Following reports of the search functionality on the Cloudworks site failing with an ungraceful php error message when using certain search parameters, we undertook some investigation in to the cause of the problem. It transpired that the Zend Lucene search engine was indexing all of the HTML content of the clouds, cloudscapes and user pages which included all of the recurring content such as navigation, header and footer elements. Not only was this skewing search results by giving recurring terms unfair weighting it was also causing the ungraceful error by virtue of the sheer number of results causing the search process to time out. Examples of search terms causing problems were ‘events’, ‘tags’ and ‘cloud’.
Our approach to solving the problem was to create new cut-down versions of cloud, cloudscape and user pages which were essentially ‘chrome-less’ and only output the required content to be indexed.
After the code changes were put live, a reindex of the live site was required to allow the changes to take effect. As the search index has been built up cumulatively over time as content is added to the site a reindex of the live site had never been performed. We did a test run of a full reindex on our approval server to see if the site would remain functional. After this ran successfully we ran a full index on the live site which ran for some hours but hopefully remained transparent to end users. The time out message now seems to have disappeared and meaningful results are now being returned for the previously problematic search terms. The code change should also eliminate similar problems happening with fresh installs of CloudEngine from v1.1.2.
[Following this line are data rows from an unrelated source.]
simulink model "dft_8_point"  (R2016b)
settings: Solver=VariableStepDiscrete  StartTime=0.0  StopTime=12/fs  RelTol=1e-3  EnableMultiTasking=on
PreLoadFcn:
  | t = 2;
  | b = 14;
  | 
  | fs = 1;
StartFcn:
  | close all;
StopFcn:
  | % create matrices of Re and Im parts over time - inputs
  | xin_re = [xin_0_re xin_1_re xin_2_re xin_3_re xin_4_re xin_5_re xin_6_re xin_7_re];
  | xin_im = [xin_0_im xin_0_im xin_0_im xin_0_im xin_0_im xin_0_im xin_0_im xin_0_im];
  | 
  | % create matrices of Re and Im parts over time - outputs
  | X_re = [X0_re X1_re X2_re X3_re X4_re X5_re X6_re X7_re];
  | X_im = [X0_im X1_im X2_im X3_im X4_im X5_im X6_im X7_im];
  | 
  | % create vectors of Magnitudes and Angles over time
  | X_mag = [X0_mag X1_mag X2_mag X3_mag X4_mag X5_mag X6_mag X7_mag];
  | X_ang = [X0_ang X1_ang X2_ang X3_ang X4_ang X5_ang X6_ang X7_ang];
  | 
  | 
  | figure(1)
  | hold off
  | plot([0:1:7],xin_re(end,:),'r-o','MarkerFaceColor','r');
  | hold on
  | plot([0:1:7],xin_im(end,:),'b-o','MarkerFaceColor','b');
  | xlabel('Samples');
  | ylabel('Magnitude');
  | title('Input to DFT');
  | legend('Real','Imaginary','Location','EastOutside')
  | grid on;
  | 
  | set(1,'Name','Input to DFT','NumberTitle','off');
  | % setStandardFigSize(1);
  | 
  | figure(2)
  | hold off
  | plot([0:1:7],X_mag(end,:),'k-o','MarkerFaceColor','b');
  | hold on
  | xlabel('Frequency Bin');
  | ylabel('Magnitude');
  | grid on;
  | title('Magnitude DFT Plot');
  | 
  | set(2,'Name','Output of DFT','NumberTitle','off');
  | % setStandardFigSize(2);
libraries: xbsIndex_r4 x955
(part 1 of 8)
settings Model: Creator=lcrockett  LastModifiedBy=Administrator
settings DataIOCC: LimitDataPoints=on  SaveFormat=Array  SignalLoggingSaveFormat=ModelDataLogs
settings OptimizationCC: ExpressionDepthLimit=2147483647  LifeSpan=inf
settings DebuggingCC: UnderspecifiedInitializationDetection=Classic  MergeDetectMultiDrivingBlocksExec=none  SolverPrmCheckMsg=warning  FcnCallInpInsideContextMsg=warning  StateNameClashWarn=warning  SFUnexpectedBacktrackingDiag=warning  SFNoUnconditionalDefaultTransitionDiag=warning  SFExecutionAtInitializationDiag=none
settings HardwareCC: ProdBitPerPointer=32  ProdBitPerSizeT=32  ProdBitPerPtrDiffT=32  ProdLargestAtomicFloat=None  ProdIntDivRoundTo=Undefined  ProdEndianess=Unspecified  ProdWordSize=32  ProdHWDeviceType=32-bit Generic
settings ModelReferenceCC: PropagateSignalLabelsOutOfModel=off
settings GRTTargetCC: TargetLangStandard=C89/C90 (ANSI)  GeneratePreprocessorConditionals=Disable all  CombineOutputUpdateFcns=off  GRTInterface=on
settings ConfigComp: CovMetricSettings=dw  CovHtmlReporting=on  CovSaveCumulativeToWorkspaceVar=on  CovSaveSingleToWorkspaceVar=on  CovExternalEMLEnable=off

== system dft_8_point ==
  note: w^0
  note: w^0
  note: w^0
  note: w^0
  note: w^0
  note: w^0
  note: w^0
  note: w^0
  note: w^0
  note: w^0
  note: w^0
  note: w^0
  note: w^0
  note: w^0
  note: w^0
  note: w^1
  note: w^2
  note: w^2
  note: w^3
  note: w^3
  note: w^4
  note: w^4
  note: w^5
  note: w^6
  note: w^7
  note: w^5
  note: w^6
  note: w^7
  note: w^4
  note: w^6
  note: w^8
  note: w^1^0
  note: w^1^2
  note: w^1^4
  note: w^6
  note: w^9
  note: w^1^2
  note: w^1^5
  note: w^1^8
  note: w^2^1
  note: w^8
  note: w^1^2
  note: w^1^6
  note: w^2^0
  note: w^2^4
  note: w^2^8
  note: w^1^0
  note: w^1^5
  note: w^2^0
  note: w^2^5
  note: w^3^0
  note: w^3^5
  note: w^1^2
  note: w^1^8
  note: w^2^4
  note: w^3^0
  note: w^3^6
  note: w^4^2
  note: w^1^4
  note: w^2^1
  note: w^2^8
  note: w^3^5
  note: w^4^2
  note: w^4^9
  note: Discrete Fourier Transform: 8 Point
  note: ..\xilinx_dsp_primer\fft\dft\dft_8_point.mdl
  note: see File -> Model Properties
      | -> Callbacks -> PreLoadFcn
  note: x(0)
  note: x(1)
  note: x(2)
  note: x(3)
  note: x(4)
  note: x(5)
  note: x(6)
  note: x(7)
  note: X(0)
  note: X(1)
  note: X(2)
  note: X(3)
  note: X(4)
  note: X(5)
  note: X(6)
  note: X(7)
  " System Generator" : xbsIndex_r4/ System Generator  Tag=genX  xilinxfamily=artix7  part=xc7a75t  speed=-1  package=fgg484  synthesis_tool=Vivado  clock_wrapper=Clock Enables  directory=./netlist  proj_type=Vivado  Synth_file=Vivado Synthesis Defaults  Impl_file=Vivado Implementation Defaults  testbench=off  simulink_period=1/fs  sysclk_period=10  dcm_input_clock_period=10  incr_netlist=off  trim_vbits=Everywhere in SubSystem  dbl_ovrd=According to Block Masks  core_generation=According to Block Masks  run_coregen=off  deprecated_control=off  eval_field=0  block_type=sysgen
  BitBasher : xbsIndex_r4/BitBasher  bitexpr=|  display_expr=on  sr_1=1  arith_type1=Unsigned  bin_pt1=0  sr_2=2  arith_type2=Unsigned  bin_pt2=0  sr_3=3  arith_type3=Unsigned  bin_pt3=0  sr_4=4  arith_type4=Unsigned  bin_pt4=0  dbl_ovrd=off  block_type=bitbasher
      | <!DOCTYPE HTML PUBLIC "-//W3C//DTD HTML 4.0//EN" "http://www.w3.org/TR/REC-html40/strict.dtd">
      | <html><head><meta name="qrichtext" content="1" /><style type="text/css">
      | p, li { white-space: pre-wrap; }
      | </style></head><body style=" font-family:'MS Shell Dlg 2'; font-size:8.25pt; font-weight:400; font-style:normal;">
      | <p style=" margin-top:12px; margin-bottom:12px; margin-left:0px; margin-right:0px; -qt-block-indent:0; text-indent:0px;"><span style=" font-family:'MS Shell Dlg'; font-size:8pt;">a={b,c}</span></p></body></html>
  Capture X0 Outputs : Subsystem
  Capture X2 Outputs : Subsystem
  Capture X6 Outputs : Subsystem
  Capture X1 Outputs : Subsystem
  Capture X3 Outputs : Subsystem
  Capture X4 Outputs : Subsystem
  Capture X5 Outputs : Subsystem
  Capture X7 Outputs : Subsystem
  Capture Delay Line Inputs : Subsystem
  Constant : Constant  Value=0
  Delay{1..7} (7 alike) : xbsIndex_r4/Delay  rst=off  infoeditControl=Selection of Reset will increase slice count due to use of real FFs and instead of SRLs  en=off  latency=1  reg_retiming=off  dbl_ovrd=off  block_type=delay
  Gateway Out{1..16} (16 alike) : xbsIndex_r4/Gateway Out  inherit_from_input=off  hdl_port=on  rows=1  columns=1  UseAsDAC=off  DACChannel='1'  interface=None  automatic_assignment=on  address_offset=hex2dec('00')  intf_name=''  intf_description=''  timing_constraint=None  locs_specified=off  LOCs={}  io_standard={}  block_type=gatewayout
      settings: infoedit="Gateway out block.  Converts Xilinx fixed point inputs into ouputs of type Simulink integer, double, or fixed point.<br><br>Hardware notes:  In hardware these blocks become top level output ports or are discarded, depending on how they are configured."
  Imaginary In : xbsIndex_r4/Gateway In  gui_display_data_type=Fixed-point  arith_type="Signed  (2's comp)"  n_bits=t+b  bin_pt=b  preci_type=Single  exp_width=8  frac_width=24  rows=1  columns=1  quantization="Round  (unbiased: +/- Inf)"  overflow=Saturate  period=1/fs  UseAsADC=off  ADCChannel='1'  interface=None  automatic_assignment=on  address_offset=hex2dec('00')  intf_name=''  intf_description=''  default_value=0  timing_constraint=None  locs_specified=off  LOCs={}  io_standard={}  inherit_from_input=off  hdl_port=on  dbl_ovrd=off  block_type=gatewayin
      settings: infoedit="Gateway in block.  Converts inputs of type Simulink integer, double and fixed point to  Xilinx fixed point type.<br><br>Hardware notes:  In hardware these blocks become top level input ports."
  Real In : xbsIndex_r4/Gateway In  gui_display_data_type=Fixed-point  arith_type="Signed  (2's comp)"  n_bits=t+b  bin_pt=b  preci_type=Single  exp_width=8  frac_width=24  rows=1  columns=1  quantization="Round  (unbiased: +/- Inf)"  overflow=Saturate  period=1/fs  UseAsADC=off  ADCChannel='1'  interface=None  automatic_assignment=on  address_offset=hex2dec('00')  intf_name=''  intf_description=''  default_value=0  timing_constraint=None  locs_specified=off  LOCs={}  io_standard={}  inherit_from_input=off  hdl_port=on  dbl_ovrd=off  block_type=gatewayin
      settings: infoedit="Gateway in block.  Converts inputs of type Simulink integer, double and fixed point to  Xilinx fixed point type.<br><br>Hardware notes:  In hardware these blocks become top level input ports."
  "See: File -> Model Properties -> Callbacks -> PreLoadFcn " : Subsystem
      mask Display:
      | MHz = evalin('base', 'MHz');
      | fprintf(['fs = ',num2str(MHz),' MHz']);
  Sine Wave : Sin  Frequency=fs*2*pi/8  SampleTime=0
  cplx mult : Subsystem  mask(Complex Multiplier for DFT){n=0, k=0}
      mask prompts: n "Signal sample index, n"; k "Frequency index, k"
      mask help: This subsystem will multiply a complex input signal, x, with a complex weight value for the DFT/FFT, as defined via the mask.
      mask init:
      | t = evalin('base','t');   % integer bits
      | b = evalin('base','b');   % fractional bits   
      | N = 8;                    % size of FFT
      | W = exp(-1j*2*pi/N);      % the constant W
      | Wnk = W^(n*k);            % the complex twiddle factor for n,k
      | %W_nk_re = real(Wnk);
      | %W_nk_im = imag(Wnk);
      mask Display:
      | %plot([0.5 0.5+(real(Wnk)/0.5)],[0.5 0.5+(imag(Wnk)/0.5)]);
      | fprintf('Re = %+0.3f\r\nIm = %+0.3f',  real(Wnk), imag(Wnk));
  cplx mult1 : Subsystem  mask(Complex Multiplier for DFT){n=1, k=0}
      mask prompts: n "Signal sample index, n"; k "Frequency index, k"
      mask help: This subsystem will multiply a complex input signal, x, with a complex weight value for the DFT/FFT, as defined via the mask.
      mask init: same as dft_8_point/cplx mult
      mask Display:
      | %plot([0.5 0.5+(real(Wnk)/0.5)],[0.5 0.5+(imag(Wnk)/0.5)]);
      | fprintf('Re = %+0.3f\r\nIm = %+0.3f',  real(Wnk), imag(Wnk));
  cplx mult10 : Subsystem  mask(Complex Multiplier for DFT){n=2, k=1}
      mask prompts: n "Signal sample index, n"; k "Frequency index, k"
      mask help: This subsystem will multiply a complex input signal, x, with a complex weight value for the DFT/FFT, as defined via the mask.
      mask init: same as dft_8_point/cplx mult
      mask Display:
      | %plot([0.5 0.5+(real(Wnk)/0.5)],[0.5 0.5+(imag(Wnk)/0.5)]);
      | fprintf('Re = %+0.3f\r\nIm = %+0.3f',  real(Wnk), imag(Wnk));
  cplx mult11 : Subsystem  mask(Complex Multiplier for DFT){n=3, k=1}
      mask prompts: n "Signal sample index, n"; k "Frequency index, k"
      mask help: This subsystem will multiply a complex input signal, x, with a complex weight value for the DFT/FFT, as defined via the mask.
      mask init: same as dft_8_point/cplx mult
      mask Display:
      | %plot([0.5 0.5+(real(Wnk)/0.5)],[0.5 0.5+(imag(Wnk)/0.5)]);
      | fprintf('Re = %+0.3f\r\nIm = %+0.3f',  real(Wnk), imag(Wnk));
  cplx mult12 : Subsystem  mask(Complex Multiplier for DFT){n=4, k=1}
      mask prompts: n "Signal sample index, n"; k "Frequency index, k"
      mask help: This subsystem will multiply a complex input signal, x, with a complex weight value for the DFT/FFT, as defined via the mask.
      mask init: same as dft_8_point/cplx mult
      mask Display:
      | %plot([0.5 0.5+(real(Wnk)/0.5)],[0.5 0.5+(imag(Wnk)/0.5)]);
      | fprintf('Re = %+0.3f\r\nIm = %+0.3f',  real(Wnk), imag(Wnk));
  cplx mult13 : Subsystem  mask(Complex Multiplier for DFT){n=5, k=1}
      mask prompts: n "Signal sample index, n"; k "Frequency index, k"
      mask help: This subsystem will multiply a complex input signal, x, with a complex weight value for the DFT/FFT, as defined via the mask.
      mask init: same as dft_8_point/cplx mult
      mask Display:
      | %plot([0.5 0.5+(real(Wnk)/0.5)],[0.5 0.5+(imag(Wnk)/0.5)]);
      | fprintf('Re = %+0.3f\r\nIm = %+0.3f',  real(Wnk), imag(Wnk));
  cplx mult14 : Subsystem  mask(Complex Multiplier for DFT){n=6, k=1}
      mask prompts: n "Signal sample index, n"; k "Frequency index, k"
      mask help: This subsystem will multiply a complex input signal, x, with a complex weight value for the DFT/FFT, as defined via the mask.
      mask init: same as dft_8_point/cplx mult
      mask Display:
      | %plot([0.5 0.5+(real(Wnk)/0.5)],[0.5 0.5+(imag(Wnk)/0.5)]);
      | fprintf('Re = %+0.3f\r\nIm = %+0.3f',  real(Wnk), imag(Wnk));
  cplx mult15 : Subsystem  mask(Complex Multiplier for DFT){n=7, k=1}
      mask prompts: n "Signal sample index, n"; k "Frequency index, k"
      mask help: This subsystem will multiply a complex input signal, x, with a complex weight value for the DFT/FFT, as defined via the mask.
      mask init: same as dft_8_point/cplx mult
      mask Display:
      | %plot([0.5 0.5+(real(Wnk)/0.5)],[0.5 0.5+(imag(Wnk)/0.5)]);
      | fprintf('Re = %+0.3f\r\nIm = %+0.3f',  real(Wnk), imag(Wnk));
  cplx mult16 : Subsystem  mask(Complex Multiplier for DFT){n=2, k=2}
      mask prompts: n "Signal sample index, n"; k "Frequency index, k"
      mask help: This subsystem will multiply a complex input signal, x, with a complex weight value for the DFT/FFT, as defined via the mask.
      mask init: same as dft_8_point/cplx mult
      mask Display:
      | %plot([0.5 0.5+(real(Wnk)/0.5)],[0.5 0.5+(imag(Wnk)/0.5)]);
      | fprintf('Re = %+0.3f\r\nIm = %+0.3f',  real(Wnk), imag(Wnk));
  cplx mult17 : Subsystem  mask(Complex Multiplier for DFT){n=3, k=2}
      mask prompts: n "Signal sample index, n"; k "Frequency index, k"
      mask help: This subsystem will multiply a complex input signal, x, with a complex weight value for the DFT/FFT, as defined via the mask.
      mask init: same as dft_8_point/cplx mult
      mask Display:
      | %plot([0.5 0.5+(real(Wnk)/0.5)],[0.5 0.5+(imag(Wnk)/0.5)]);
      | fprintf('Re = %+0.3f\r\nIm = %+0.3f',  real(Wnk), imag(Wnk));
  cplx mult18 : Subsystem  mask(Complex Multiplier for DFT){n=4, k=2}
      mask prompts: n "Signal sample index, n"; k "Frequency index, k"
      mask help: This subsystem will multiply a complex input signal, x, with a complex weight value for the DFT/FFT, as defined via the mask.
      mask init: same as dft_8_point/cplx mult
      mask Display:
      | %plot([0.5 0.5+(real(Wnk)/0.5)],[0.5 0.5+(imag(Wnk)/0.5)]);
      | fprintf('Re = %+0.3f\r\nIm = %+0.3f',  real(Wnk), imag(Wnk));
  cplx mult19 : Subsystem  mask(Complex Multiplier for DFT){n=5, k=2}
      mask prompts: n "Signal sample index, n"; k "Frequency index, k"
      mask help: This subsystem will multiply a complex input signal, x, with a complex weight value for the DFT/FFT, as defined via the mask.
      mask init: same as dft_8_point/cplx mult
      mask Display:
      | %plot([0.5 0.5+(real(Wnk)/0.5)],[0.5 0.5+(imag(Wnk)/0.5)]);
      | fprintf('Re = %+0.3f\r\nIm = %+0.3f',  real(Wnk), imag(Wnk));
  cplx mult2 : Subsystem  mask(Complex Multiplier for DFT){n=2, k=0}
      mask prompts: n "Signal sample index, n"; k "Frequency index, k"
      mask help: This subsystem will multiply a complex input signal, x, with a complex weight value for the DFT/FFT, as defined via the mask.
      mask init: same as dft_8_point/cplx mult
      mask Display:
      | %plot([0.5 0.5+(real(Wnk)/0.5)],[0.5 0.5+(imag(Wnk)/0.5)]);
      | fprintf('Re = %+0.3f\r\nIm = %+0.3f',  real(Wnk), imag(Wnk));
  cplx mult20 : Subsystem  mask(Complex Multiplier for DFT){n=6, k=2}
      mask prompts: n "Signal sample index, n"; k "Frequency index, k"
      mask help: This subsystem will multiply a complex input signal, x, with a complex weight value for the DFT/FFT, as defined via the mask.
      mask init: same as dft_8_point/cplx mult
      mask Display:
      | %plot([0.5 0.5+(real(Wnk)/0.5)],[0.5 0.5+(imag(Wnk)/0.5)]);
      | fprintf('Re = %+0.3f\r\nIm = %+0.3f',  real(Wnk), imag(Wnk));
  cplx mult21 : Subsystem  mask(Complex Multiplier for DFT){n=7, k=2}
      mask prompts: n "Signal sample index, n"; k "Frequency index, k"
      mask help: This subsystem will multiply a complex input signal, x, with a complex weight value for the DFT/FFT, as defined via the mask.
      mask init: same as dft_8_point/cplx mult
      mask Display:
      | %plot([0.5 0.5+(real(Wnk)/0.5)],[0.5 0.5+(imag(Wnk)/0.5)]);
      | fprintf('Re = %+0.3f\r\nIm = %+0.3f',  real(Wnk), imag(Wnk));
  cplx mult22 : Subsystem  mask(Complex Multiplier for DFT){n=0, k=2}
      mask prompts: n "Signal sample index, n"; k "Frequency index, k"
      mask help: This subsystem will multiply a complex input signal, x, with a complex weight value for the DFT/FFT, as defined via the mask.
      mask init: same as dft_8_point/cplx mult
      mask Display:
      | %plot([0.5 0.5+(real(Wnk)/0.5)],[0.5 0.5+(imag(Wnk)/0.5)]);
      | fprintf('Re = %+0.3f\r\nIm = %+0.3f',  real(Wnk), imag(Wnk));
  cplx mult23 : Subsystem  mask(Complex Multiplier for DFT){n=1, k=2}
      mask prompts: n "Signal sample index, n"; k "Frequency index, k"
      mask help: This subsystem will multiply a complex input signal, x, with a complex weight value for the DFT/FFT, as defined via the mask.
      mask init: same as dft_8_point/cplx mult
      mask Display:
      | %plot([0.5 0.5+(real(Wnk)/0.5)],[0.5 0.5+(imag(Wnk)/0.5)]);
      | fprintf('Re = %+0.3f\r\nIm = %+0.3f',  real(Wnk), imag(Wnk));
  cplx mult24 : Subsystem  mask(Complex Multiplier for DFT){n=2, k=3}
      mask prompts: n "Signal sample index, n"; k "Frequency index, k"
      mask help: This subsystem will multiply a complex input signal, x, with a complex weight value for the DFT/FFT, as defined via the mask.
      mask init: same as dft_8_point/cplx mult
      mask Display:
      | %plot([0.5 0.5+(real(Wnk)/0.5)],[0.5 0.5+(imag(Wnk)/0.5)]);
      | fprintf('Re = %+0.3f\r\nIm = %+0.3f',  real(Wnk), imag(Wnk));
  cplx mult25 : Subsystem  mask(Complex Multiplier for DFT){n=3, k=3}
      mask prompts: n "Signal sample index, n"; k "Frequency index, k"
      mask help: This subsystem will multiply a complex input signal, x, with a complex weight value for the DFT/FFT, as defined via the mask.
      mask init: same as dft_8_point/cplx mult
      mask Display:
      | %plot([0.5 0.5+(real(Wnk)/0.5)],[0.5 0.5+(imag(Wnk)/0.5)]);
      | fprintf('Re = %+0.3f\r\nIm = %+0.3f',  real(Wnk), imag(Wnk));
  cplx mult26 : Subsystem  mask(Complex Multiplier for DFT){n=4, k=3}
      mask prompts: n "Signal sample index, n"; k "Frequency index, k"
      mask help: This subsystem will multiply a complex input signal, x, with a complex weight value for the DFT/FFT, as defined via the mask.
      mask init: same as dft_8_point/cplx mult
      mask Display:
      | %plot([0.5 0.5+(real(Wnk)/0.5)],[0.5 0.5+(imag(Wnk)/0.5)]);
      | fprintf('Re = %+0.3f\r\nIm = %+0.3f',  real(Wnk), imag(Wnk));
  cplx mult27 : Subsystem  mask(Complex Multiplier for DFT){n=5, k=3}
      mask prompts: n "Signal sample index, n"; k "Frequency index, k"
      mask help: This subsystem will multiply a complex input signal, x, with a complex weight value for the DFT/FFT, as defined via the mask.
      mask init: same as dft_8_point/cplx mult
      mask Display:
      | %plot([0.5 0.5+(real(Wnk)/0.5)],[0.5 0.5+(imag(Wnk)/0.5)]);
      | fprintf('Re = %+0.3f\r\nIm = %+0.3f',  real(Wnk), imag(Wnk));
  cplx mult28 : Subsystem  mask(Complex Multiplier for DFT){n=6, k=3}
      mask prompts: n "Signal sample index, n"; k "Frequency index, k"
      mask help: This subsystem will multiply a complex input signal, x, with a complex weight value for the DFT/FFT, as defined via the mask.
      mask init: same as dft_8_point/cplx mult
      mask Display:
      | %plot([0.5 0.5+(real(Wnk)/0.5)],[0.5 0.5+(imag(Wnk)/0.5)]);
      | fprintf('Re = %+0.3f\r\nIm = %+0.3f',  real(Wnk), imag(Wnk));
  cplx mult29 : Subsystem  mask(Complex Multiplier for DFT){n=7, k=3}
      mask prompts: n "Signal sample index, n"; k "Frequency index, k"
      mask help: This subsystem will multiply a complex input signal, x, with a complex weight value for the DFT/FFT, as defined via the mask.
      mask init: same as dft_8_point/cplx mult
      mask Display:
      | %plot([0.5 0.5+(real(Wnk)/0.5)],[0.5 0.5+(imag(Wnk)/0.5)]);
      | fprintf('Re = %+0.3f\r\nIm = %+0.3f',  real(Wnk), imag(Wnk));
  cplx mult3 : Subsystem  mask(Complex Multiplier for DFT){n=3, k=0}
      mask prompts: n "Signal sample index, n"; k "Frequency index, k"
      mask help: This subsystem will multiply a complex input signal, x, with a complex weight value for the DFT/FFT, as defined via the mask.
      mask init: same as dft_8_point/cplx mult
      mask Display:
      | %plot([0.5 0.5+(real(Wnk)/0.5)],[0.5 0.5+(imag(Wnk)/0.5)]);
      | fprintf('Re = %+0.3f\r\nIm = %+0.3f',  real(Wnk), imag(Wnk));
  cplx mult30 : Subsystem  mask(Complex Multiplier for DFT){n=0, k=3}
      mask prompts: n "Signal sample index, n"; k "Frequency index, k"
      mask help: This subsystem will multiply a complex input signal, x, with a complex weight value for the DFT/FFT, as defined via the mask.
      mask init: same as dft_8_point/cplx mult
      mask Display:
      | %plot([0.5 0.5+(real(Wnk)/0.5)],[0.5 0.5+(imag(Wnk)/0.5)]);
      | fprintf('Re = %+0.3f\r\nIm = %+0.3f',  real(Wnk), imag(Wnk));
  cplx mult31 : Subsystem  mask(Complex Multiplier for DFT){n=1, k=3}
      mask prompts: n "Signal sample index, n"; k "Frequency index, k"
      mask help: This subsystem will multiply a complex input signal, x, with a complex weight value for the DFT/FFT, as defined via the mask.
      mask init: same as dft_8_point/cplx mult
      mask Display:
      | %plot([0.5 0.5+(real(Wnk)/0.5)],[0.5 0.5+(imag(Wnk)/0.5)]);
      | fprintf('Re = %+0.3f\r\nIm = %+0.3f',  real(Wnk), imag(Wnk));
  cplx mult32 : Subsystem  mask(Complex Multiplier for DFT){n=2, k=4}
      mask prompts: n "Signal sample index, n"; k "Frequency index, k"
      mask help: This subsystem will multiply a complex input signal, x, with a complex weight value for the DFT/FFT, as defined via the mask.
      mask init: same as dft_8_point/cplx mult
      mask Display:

As part of these changes, we also took the opportunity to add the Firephp debugging tool to the codebase. This relies on Firefox with the Firebug and Firephp add-ons as well as the server-side code. A setting has been added to the database that allows debug messages to be switched off, switched on for admin users or switched on for all authenticated users. This allows some debug or informational messages to be output to admin users on a live site via the Firebug console if need be but remain transparent to other users.